* Instructions for the task *
Output a verbatim copy of the data, cut off after the line that contains "import ezdxf".

* Provided material *
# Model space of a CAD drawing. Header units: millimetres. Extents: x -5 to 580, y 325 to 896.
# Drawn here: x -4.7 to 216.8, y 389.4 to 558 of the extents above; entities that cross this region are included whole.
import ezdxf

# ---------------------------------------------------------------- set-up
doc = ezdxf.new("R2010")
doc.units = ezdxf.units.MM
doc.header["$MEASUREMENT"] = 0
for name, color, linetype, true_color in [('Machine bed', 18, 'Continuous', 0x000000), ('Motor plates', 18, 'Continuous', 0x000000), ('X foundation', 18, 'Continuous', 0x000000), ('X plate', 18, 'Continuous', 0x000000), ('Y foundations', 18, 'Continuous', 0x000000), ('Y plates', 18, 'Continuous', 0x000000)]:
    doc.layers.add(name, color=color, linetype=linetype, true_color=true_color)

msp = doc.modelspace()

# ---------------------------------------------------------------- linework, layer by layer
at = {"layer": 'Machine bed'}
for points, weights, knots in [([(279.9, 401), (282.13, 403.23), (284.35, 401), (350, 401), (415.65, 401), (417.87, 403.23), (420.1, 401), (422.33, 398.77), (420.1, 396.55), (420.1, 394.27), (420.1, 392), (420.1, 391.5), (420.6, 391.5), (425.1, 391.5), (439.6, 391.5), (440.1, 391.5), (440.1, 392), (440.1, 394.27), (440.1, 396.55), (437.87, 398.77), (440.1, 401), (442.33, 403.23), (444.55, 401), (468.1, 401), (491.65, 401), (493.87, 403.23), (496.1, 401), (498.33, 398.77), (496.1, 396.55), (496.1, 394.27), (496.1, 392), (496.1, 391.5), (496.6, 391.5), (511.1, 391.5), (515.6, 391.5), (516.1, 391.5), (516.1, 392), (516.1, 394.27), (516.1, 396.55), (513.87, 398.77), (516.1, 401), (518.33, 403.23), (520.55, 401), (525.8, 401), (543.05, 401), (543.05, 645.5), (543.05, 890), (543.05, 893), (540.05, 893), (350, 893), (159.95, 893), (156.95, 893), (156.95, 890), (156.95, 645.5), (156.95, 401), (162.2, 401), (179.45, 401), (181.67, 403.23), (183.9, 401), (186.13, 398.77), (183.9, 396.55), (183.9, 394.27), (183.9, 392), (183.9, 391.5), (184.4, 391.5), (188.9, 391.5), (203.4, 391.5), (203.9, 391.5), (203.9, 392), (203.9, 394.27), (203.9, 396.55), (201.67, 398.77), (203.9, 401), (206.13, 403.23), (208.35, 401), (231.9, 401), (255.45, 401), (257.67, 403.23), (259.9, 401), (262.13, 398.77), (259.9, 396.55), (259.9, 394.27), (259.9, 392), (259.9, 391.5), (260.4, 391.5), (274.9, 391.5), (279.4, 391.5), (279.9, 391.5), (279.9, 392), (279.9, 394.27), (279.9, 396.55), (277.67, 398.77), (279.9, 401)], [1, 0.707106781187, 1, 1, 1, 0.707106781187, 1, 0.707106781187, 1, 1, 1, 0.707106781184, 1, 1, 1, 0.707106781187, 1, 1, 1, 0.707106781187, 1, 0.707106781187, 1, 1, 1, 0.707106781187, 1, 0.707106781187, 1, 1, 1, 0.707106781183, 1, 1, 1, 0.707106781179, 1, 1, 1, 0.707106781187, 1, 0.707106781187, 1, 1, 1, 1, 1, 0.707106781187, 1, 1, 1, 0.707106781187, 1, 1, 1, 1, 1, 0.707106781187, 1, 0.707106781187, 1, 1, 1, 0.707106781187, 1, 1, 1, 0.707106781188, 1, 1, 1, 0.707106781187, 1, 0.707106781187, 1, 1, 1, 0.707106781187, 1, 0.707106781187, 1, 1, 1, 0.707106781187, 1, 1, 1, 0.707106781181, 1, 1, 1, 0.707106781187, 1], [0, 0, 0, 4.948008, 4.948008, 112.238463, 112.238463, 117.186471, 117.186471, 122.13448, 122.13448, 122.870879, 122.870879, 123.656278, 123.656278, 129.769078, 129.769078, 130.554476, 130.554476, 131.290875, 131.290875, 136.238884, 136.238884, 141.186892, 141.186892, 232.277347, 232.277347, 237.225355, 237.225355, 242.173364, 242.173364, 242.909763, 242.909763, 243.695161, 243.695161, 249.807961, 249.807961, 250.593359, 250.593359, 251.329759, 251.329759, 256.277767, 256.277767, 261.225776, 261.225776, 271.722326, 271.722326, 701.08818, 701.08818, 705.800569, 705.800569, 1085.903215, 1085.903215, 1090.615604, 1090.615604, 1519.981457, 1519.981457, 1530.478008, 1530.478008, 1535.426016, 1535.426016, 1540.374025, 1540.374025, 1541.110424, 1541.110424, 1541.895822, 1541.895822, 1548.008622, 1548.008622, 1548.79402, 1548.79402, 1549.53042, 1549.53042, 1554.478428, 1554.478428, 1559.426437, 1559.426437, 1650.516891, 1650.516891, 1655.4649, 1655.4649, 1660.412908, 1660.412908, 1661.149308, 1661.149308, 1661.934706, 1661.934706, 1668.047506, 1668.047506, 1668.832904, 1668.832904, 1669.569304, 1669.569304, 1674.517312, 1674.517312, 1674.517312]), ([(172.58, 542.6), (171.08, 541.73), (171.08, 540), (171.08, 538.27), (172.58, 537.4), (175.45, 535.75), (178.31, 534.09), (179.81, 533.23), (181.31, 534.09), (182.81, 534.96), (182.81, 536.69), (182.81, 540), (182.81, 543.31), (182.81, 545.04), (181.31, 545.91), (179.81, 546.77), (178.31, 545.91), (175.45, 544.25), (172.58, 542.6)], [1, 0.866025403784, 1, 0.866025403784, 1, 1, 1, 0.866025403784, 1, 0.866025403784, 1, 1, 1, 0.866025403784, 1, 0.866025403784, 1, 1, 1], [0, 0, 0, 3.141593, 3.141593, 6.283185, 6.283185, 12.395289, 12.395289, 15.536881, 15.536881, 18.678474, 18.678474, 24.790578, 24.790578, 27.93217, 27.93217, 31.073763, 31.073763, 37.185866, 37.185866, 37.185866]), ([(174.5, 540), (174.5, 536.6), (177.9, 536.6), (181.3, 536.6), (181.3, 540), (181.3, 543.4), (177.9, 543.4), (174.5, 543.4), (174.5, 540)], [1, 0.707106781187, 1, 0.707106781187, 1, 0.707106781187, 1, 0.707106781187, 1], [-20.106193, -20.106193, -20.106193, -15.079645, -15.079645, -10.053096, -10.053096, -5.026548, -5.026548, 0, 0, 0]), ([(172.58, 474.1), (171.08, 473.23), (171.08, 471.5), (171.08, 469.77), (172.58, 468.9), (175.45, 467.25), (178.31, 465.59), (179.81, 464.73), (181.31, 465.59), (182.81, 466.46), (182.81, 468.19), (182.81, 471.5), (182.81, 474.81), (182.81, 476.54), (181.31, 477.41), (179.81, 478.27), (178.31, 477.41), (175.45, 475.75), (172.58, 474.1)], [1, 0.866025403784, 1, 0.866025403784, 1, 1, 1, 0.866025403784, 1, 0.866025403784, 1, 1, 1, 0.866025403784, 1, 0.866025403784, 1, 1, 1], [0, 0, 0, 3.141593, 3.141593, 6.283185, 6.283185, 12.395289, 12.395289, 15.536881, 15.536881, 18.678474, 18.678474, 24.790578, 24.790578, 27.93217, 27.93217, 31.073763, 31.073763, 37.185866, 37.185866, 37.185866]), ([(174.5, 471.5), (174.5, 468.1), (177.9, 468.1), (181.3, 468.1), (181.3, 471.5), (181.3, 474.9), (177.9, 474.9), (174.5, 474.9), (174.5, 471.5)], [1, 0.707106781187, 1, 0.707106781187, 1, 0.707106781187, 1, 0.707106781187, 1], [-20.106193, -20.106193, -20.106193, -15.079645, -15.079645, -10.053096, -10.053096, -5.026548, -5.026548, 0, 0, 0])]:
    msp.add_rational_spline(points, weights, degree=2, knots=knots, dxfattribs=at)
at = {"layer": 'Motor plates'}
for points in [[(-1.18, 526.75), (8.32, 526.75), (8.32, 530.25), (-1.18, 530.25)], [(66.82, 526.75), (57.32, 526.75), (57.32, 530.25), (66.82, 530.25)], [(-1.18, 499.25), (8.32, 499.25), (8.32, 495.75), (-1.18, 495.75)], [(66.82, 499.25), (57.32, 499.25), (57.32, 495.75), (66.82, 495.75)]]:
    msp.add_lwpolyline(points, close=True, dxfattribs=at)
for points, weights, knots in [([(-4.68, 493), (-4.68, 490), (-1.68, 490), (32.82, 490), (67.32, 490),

* Output for this exercise *
# Model space of a CAD drawing. Header units: millimetres. Extents: x -5 to 580, y 325 to 896.
# Drawn here: x -4.7 to 216.8, y 389.4 to 558 of the extents above; entities that cross this region are included whole.
import ezdxf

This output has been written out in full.